Vers la fin de l'interview, Robert Spaemann fait quelques forts commentaires sur la question des divorcés «remariés» et sur le fait que les diocèses à travers le monde traitent cette question de manière très différente. Spaemann commente:
«Non, il n'est pas possible que dans un diocèse, elle soit traitée d'une autre manière que dans un autre. Chaque évêque a le pouvoir dans son diocèse. Mais une véritable autorité, par exemple, de la Conférence des évêque n'existe pas. Par conséquent, des solutions unifiées sont nécessaires. Et surtout, les choses doivent correspondre ensemble. Je ne peux pas parler d'une part de l'indissolubilité du mariage et du caractère de péché des relations sexuelles hors mariage, et puis d'autre part donner la bénédiction de l'Église à une «nouvelle communauté de lit».

Le Professeur Spaemann insiste que l'Église a besoin de transmettre l'enseignement moral d'une manière nouvelle et adaptée, mais pas d'adapter l'enseignement lui-même:
«Si une plus grande adaptation de l'Eglise au 'mode de vie' moderne était le bon moyen, alors le protestantisme, qui va dans cette voie, devrait avoir moins de pertes que l'Eglise catholique, ce qui n'est pas le cas. L'approbation de la vraie indissolubilité du mariage doit être la condition pour admettre quelqu'un au sacrement du mariage. (...)» (?)

Dans ce contexte, Spaemann répète l'enseignement de l'Eglise concernant les relations sexuelles hors-mariage et renvoie à l'époque de Jésus-Christ, où les gens étaient choqués par Son enseignement:
«Les évangiles le disent [que c'est interdit]. Ce sont les paroles de Jésus. Ensuite, les gens disent que c'est trop difficile pour les gens d'aujourd'hui. Oui, c'était également difficile pour les gens de l'époque de Jésus. Quand Jésus a dit que le mariage ne peut être dissous, la réaction des Apôtres n'était pas l'enthousiasme; au contraire, ils ont été choqués et ont demandé qui, après cela, voudrait encore se marier. Ils ont été choqués, exactement comme les gens sont choqués aujourd'hui».

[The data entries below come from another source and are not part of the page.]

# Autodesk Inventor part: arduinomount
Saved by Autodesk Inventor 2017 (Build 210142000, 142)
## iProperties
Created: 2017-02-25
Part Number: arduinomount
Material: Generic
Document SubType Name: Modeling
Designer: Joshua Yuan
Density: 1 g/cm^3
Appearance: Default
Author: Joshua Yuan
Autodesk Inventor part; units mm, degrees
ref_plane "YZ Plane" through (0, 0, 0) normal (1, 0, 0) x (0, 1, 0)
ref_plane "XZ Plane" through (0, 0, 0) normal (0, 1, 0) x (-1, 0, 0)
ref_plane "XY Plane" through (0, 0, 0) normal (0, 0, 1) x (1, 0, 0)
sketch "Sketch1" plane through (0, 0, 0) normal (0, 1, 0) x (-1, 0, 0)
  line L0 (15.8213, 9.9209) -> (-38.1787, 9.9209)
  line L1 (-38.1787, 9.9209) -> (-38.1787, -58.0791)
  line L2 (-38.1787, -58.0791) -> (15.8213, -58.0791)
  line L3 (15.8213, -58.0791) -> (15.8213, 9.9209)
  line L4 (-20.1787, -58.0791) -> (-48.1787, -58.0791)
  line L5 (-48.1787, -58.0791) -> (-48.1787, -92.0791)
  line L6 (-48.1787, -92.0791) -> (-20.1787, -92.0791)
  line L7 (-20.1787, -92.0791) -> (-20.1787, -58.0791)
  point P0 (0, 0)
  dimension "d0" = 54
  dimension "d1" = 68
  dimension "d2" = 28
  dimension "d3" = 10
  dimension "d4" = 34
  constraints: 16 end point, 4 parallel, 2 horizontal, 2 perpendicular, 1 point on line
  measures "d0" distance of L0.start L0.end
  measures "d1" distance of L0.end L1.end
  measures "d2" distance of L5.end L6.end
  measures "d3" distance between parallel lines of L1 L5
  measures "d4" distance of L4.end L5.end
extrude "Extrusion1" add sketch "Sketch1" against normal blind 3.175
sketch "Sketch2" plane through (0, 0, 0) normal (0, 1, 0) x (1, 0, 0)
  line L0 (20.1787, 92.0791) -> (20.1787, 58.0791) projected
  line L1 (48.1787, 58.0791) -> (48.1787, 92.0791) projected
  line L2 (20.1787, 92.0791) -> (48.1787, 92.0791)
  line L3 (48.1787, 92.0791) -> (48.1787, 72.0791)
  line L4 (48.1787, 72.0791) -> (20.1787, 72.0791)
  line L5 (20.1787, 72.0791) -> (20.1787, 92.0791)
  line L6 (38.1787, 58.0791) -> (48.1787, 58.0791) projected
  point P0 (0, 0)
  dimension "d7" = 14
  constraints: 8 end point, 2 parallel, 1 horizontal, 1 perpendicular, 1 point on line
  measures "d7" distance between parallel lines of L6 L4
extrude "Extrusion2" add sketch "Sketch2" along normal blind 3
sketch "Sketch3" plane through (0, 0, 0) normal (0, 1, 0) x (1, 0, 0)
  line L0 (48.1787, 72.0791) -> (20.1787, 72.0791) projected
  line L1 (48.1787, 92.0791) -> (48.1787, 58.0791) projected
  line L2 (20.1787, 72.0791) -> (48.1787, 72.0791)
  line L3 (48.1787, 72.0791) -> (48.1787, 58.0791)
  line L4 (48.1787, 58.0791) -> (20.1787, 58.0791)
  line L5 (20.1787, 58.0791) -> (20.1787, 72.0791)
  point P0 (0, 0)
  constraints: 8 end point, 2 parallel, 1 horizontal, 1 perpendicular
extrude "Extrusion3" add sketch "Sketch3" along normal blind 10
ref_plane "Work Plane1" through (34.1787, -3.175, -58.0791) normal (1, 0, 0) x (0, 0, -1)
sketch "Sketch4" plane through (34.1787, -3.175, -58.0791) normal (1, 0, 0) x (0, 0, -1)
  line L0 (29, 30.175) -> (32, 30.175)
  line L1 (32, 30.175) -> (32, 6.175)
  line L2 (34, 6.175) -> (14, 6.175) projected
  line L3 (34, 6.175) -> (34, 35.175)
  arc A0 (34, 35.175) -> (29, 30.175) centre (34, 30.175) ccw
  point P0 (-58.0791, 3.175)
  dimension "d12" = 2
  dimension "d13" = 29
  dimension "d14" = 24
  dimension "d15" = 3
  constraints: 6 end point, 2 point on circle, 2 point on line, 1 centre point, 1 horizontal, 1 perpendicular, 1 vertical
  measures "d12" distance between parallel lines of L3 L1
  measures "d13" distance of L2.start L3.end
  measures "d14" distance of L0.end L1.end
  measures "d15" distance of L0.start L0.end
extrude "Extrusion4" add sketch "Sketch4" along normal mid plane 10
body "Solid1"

Avec ces mots, le philosophe allemand Spaemann nous rappelle à tous que la norme du Christ est toujours la même et sera toujours la même, et que le monde pécheur et adultère de l'époque du Christ devait Lui obéir, tout comme notre propre monde aujourd'hui doit s'adapter à Celui qui est venu pour nous racheter et nous sauver.

NDT:

Deuxième Lettre de Paul à Thimothée, ch. 4:

1 Je t'adjure devant Dieu et le Christ Jésus, qui doit juger les vivants et les morts, et par son apparition et par son règne:
2 prêche la parole, insiste à temps et à contretemps, reprends, censure, exhorte, avec une entière patience et (souci d')instruction.
3 Car un temps viendra où (les hommes) ne supporteront pas la saine doctrine, mais au gré de leurs désirs se donneront une foule de maîtres, l'oreille leur démangeant,
4 et ils détourneront l'oreille de la vérité pour se tourner vers les fables.
5 Pour toi, sois sobre en toutes choses, endure la souffrance, fais oeuvre de prédicateur de l'Evangile, remplis pleinement ton ministère.